Authorities have all but abandoned hope of finding more survivors from an earthquake in Soviet Georgia that killed at least 80 people, half of them inhabitants of a town buried by a landslide.

Officials said they expected the death toll to rise Wednesday as more complete reports are gathered from remote villages cut off by the quake."We know there are still people in the ruins, but there's no way they're alive," said Besik Kukateladze, an official in this village where one-third of the homes were flattened and many seriously damaged.

The Monday quake, which registered 7.1 on the Richter scale, injured 500 people and left about 80,000 homeless in a 50-square-mile area in the north-central part of this southern republic.

The earthquake's epicenter was near 11,000-foot Mount Samertskhie, about 90 miles northwest of the Georgian capital of Tbilisi.

The village of Khakhieti was destroyed, buried beneath tons of rock from the side of a mountain, its 40 or so inhabitants buried alive.

"It was awful," said Georgian Prime Minister Tengiz Sigua, who viewed the village from a helicopter on Tuesday. "Simply put, it was a nightmare."

Sigua said he expected the death toll to rise when authorities hear from villages whose communications links were cut by the quake.

Sachkhere had its share of death and destruction. The independent Iberian news agency said 25 people were killed in and around Sachkhere.

Power in the town was out. A two-story railroad station was wrecked, with a collapsed roof. Wind kicked up dust that swirled through a traffic circle in the middle of town that was serving as a makeshift rescue center.

About 60 families were living in tents on an old soccer field.

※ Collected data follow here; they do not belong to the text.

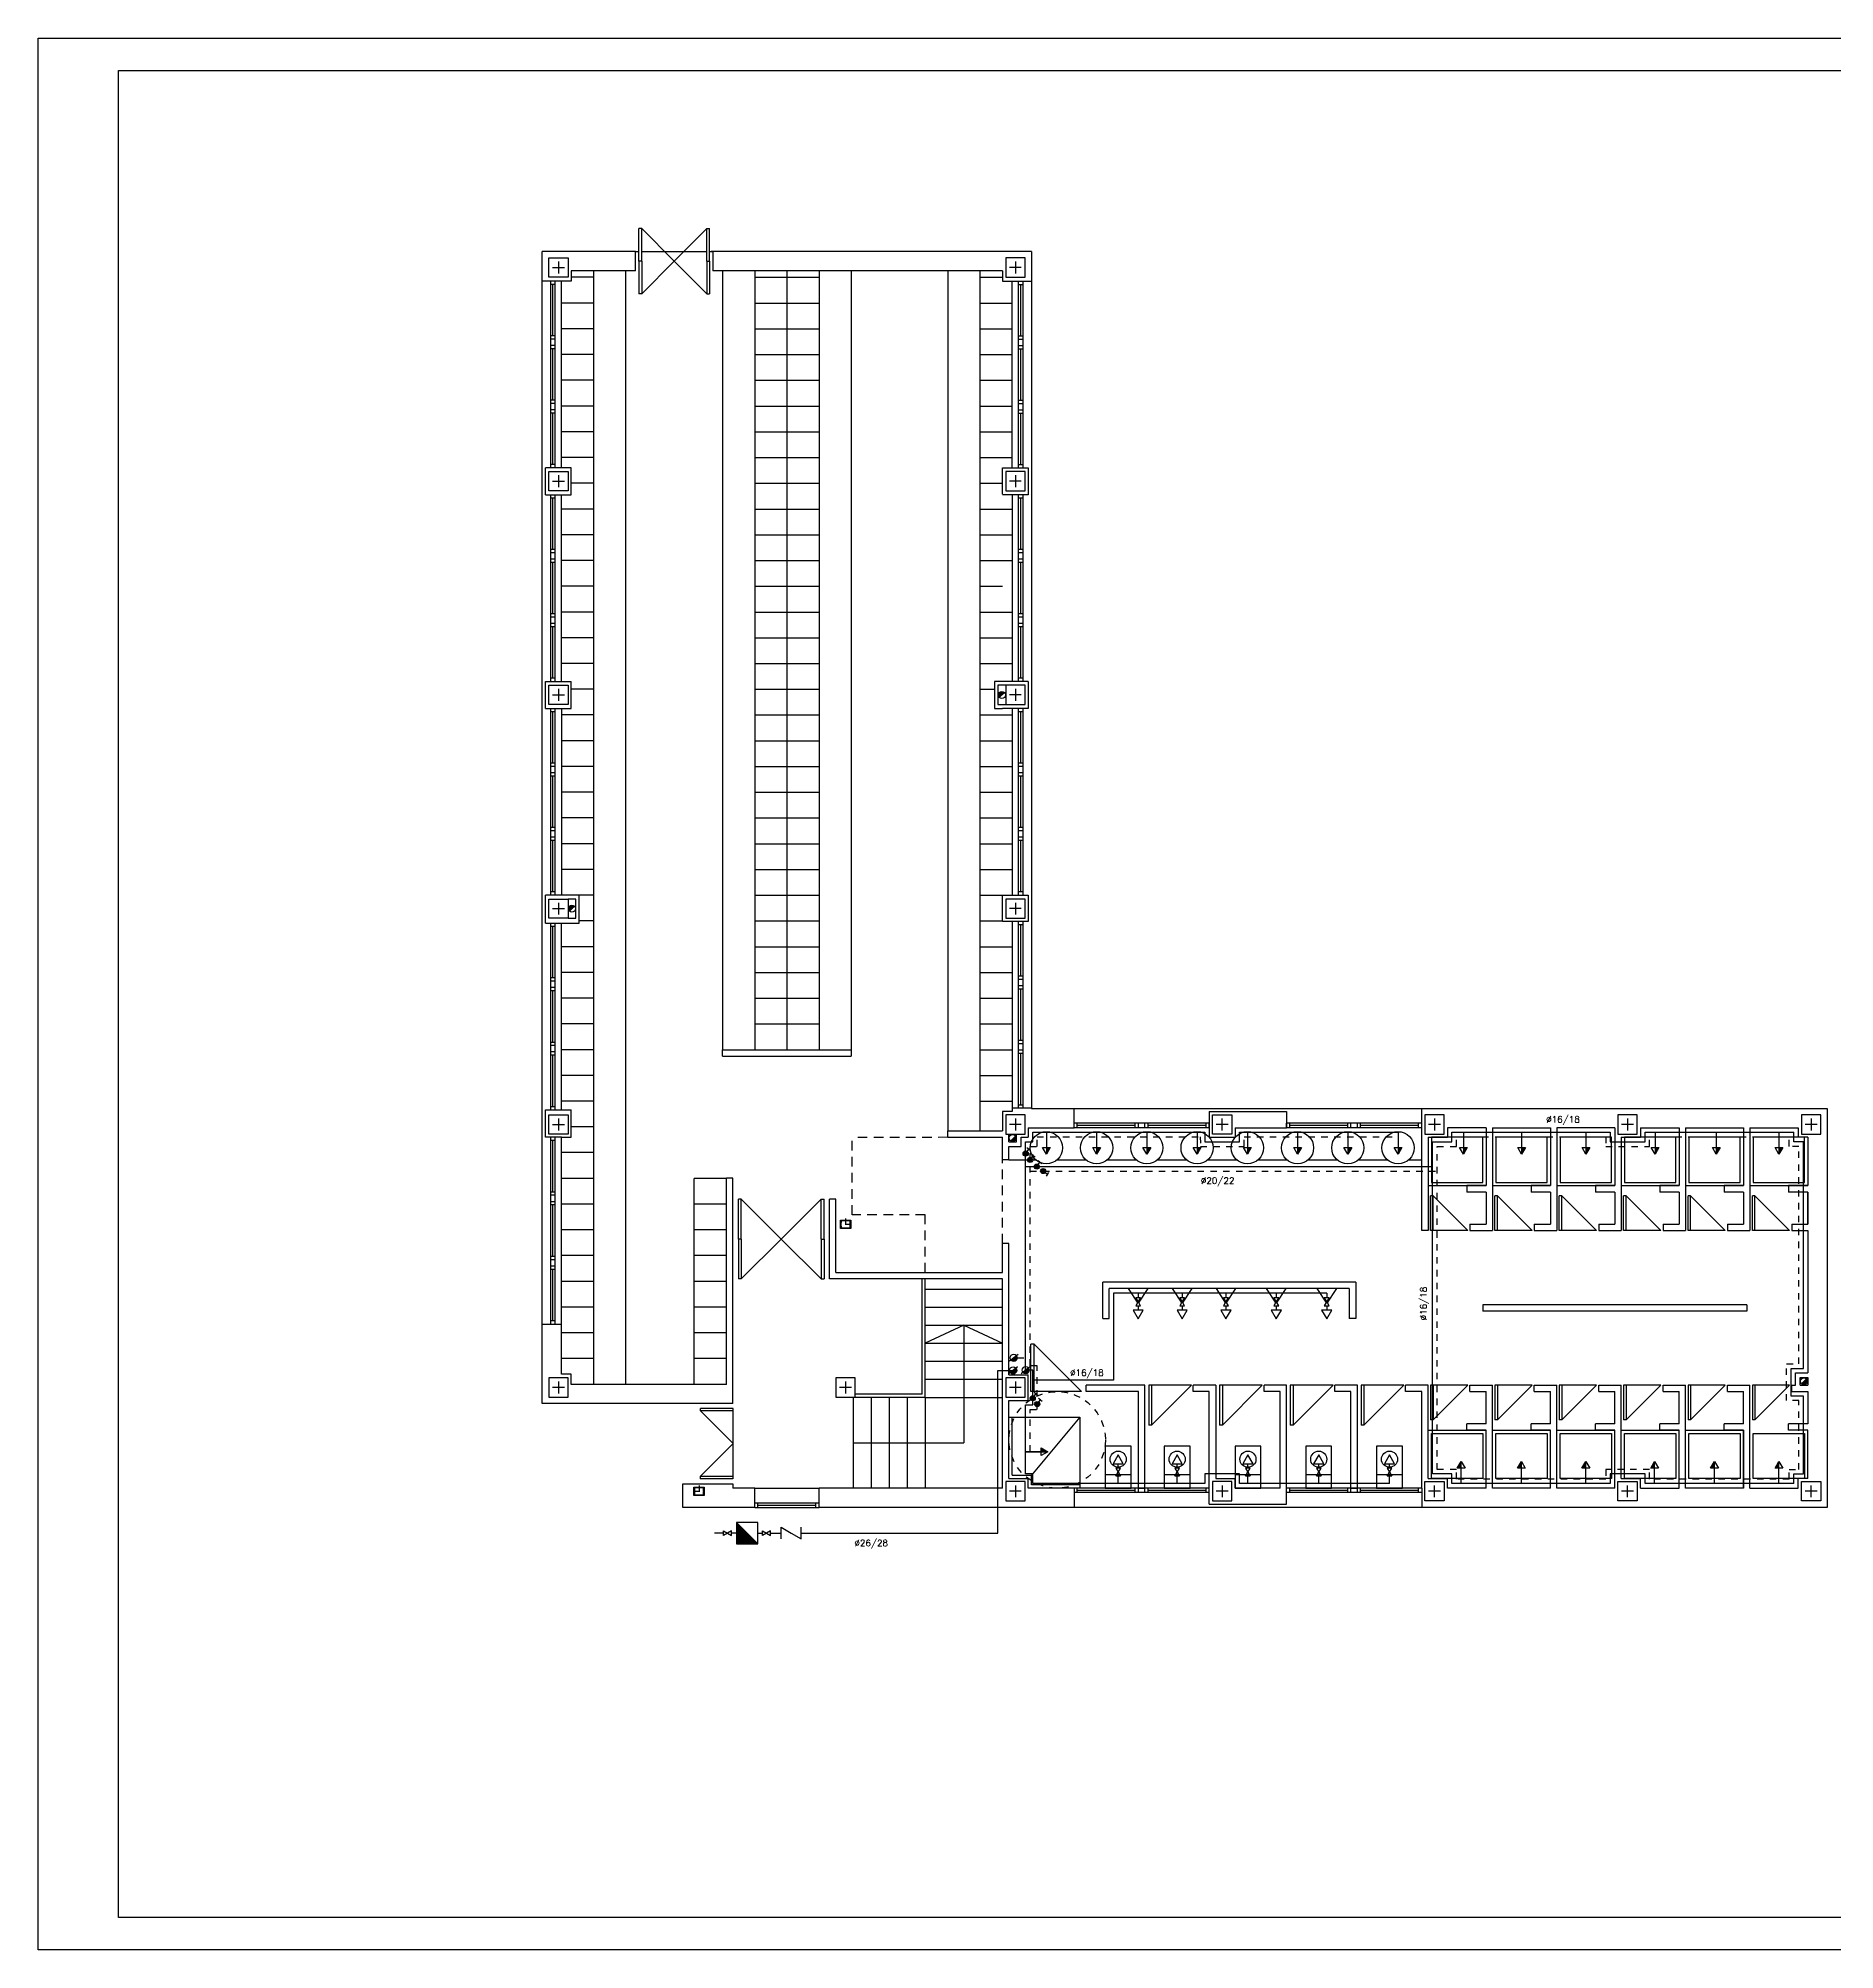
# Model space of a CAD drawing. Header units: millimetres. Extents: x 199.7 to 241.8, y 132.7 to 162.4.
# Drawn here: x 199.74 to 227.65, y 132.66 to 162.36 of the extents above; entities that cross this region are included whole.
import ezdxf

# ---------------------------------------------------------------- set-up
doc = ezdxf.new("R2010")
doc.units = ezdxf.units.MM
doc.header["$LTSCALE"] = 0.3
for name, pattern in [('TRAZO_Y_PUNTO', [1, 0.5, -0.25, 0, -0.25]), ('TRAZOS', [0.75, 0.5, -0.25]), ('TRAZOS2', [0.375, 0.25, -0.125])]:
    doc.linetypes.add(name, pattern=pattern)
for name, color, linetype in [('01', 9, 'Continuous'), ('015', 1, 'Continuous'), ('06', 6, 'Continuous'), ('AF', 5, 'Continuous'), ('Albañilería', 4, 'Continuous'), ('FT-aguac', 5, 'TRAZOS2'), ('FT-aguaf', 5, 'Continuous'), ('FT-tex', 3, 'Continuous'), ('LINEA', 3, 'Continuous'), ('MUROS', 2, 'Continuous'), ('PILARES', 2, 'Continuous'), ('PUERTAS', 3, 'Continuous'), ('TEXTOS', 7, 'Continuous'), ('VENTANAS', 9, 'Continuous')]:
    doc.layers.add(name, color=color, linetype=linetype)
doc.styles.get("Standard").update_dxf_attribs({"font": 'romans.shx'})

# ---------------------------------------------------------------- blocks, each defined once
blk = doc.blocks.new('UPN160')
blk.add_lwpolyline([(-20, 149), (-60, 152, -0.391021), (-65, 157), (-65, 160), (0, 160), (0, 0), (-65, 0), (-65, 3, -0.391021), (-60, 8), (-20, 11, 0.391021), (-10, 22), (-10, 138, 0.391021)], format="xyb", close=True)
blk = doc.blocks.new('A$C7497160C')
at = {"linetype": 'Continuous'}
for p, q in [((0.7, 0.05), (0, 0.75)), ((0, 0.75), (0, 0.05)), ((0, 0.05), (0, 0)), ((0, 0.05), (0.7, 0.05)), ((0.7, 0.05), (0.7, 0)), ((0, 0), (0.7, 0))]:
    blk.add_line(p, q, dxfattribs=at)
blk = doc.blocks.new('A$C64186889')
at = {"layer": 'PILARES', "linetype": 'Continuous', "ltscale": 0.07}
for p, q in [((0.243, 0.15), (0.057, 0.15)), ((0.15, 0.243), (0.15, 0.057))]:
    blk.add_line(p, q, dxfattribs=at)
blk.add_lwpolyline([(0, 0), (0.3, 0), (0.3, 0.3), (0, 0.3)], close=True, dxfattribs=at)
blk = doc.blocks.new('A$C702115F4')
at = {"linetype": 'Continuous'}
for p, q in [((0, 0), (0.15, 0.225)), ((0, 0), (0.3, 0)), ((0.15, 0.225), (0.3, 0))]:
    blk.add_line(p, q, dxfattribs=at)
blk = doc.blocks.new('A$C29B5331B')
at = {"layer": 'PUERTAS'}
for p, q in [((0.044, 1.24), (0, 1.24)), ((0, 0.62), (0, 1.24)), ((0.044, 1.24), (0.664, 0.62)), ((0.044, 0.62), (0.044, 1.24)), ((1.285, 1.24), (0.664, 0.62)), ((1.285, 1.24), (1.329, 1.24)), ((1.285, 0.62), (1.285, 1.24)), ((1.329, 0.62), (1.329, 1.24)), ((0.044, 0.62), (0, 0.62)), ((0.044, 0.62), (0, 0.62)), ((0, 0.62), (0, 0)), ((0.044, 0), (0.664, 0.62)), ((0.044, 0.62), (0.044, 0)), ((1.285, 0), (0.664, 0.62)), ((1.285, 0.62), (1.329, 0.62)), ((1.285, 0.62), (1.329, 0.62)), ((1.285, 0.62), (1.285, 0)), ((1.329, 0.62), (1.329, 0)), ((0.044, 0), (0, 0)), ((1.285, 0), (1.329, 0))]:
    blk.add_line(p, q, dxfattribs=at)
blk = doc.blocks.new('A$C301E6BFE')
at = {"linetype": 'Continuous'}
blk.add_line((0.441, 0), (0.441, 0.4), dxfattribs=at)
blk.add_lwpolyline([(0, 0.4), (0, 0), (0.65, 0), (0.65, 0.4)], close=True, dxfattribs=at)
blk.add_circle((0.201, 0.2), 0.125, dxfattribs=at)
blk = doc.blocks.new('A1H')
at = {"layer": '015'}
blk.add_lwpolyline([(-831, -10), (-831, 584), (10, 584), (10, -10)], close=True, dxfattribs=at)
at = {"layer": '06'}
blk.add_lwpolyline([(-806, 0), (-806, 574), (0, 574), (0, 0)], close=True, dxfattribs=at)
blk = doc.blocks.new('A$C4EC24028')
at = {"layer": 'FT-aguaf'}
blk.add_hatch(color=256, dxfattribs=at).paths.add_polyline_path([(-0.043, -0.034, 0.708028), (0.055, 0, 0.170941), (0.043, 0.034)])
blk.add_line((0.067, 0.054), (-0.067, -0.054), dxfattribs=at)
blk.add_circle((0, 0), 0.055, dxfattribs=at)
blk = doc.blocks.new('A$C485E7C59')
at = {"layer": 'AF'}
blk.add_hatch(color=256, dxfattribs=at).paths.add_polyline_path([(0, 0.104), (0, 0), (0.06, 0)])
blk.add_line((0, 0), (0, 0.104), dxfattribs=at)
at = {"layer": 'AF', "color": 7}
blk.add_lwpolyline([(-0.06, 0), (0.06, 0), (0, 0.104)], close=True, dxfattribs=at)
blk = doc.blocks.new('A$C1C5675BE')
at = {"layer": 'AF'}
blk.add_line((0, 0), (0.239, 0), dxfattribs=at)
at = {"layer": 'AF', "xscale": -1, "rotation": 270}
blk.add_blockref('A$C485E7C59', (0.239, 0), dxfattribs=at)
blk = doc.blocks.new('A$C2BCA39F3')
at = {"layer": 'FT-aguaf'}
for p, q in [((0, 0), (0.069, 0)), ((0.196, 0), (0.266, 0))]:
    blk.add_line(p, q, dxfattribs=at)
for points in [[(0.133, 0), (0.07, -0.037), (0.07, 0.037)], [(0.133, 0), (0.196, -0.037), (0.196, 0.037)], [(0.402, 0), (0.265, 0.079), (0.266, -0.079)]]:
    blk.add_lwpolyline(points, close=True, dxfattribs=at)
blk = doc.blocks.new('A$C473F2A35')
at = {"layer": 'FT-aguaf'}
for p, q in [((0, 0.24), (0, 0.309)), ((0, 0), (0, 0.112))]:
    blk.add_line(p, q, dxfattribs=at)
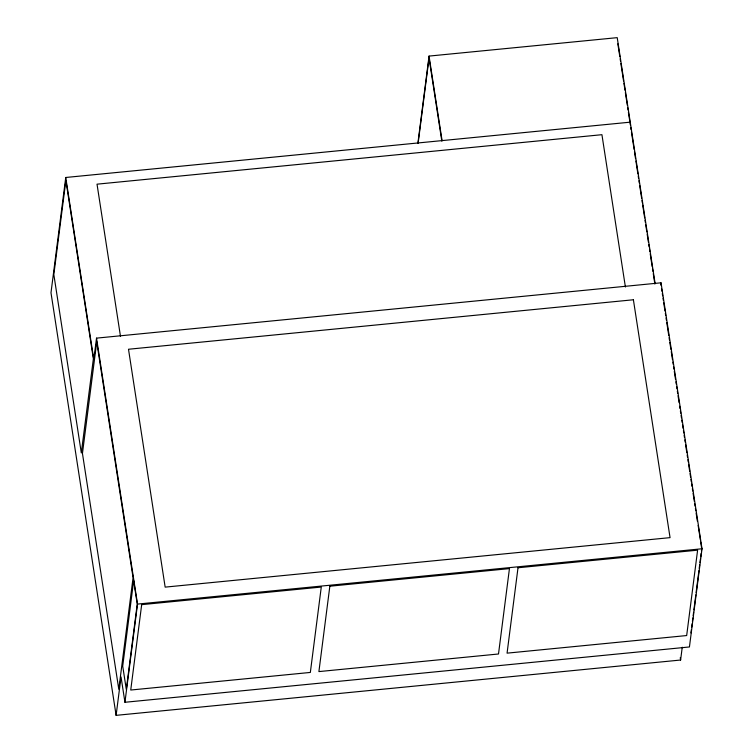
<?xml version="1.0" encoding="UTF-8"?>
<svg xmlns="http://www.w3.org/2000/svg" width="753" height="753" viewBox="0 0 753 753"><rect width="100%" height="100%" fill="white"/><g stroke="black" fill="none" stroke-linecap="round" stroke-linejoin="round"><path stroke-width="1.13" d="M630.242 122.165L65.746 177.482L50.988 292.757L116.113 715.35L680.608 660.033L682.246 647.222M116.113 715.35L121.035 676.928L124.942 702.276L689.437 646.959L702.012 548.768L661.03 282.808L96.535 338.135L93.796 359.482L65.746 177.482M124.942 702.276L137.526 604.085L96.535 338.135M417.868 143.418L429.05 56.089L617.215 37.65L655.082 283.297M418.169 142.891L429.041 58.085L441.832 141.131L442.077 140.604L429.05 56.089M660.739 285.058L661.03 282.808M690.943 632.962L691.386 629.508M691.687 627.202L692.129 623.738M692.421 621.432L692.864 617.968M693.165 615.662L693.607 612.198M693.899 609.892L695.819 594.889M696.12 592.583L698.925 570.652M699.217 568.346L699.669 564.891M699.961 562.576L700.403 559.121M700.704 556.806L701.147 553.351M701.438 551.036L701.73 548.73L700.704 542.066M137.526 604.085L702.012 548.768M698.144 525.406L700.365 539.845M661.586 288.907L661.943 291.232M662.301 293.557L662.659 295.873M663.016 298.197L663.374 300.522M663.732 302.847L664.984 310.98M665.341 313.295L665.699 315.62M666.057 317.945L666.414 320.27M666.772 322.595L668.739 335.367M669.097 337.692L669.455 340.017M669.812 342.333L670.885 349.307M671.252 351.632L672.504 359.755M672.862 362.08L673.22 364.405M673.577 366.73L673.935 369.055M674.293 371.37L675.545 379.503M675.902 381.827L676.26 384.152M676.618 386.477L676.975 388.793M677.333 391.118L677.691 393.442M678.048 395.767L679.121 402.733M679.658 406.215L680.015 408.54M680.373 410.865L680.74 413.19M681.098 415.515L681.456 417.83M681.813 420.155L682.171 422.48M682.529 424.805L683.065 428.288M683.423 430.612L683.78 432.937M684.138 435.253L684.496 437.578M684.854 439.903L685.211 442.227M685.569 444.552L686.821 452.675M687.178 455L687.536 457.325M687.894 459.65L688.251 461.975M688.609 464.29L689.682 471.265M690.04 473.59L690.586 477.073M690.943 479.397L691.301 481.713M691.659 484.038L692.016 486.363M692.374 488.688L692.732 491.012M693.089 493.328L694.341 501.46M694.699 503.785L695.057 506.11M695.414 508.435L695.772 510.75M696.13 513.075L697.382 521.208M617.837 43.787L619.804 56.56M620.161 58.875L620.519 61.2M620.877 63.525L623.559 80.938M623.926 83.254L624.999 90.219M625.357 92.544L627.324 105.307M627.682 107.632L628.04 109.957M628.397 112.272L630.365 125.045M630.722 127.37L631.08 129.685M631.438 132.01L634.12 149.423M634.478 151.739L635.551 158.704M635.909 161.029L637.876 173.802M638.233 176.117L638.591 178.442M638.949 180.767L639.306 183.083M639.664 185.407L641.631 198.171M641.989 200.496L642.347 202.821M642.704 205.136L644.672 217.909M645.029 220.234L645.387 222.549M645.745 224.874L646.818 231.839M647.175 234.164L648.427 242.287M648.785 244.603L649.142 246.928M649.51 249.252L649.867 251.568M650.225 253.893L652.192 266.666M652.55 268.981L652.907 271.306M653.265 273.631L654.875 284.079M625.404 287.006L601.929 134.693L97.024 184.174L120.508 336.487M680.251 657.708L680.608 660.033M65.888 180.456L53.83 274.563L81.315 452.911L93.372 358.814L65.888 180.456M96.732 341.9L82.444 453.428L118.786 689.221L133.074 577.692L96.732 341.9M133.648 580.723L122.711 666.113L126.306 689.437L137.244 604.047L133.648 580.723M141.677 604.65L130.74 690.03L310.34 672.438L321.277 587.048L141.677 604.65M329.842 586.211L318.905 671.591L498.505 653.99L509.442 568.609L329.842 586.211M518.008 567.762L507.07 653.152L686.67 635.551L697.607 550.17L518.008 567.762M633.395 299.769L128.499 349.251L165.161 587.124L670.057 537.642L633.395 299.769"/></g></svg>

"I think a lot about why it happened, but I have not come up with any answers," said Nana Shugakidze, who was standing at a campfire amid the tents.

She said she was working in a medical clinic when the quake struck and was briefly trapped in the rubble, managing to free herself.

Shugakidze said she ran to the school her two sons attended and found them safe, already standing outside.

A group of 43 rescuers from Moscow arrived Tuesday night in Sachkhere, but city official Alexander Cherbakov said, "They aren't needed." Only one person was pulled alive from a wrecked building the day before.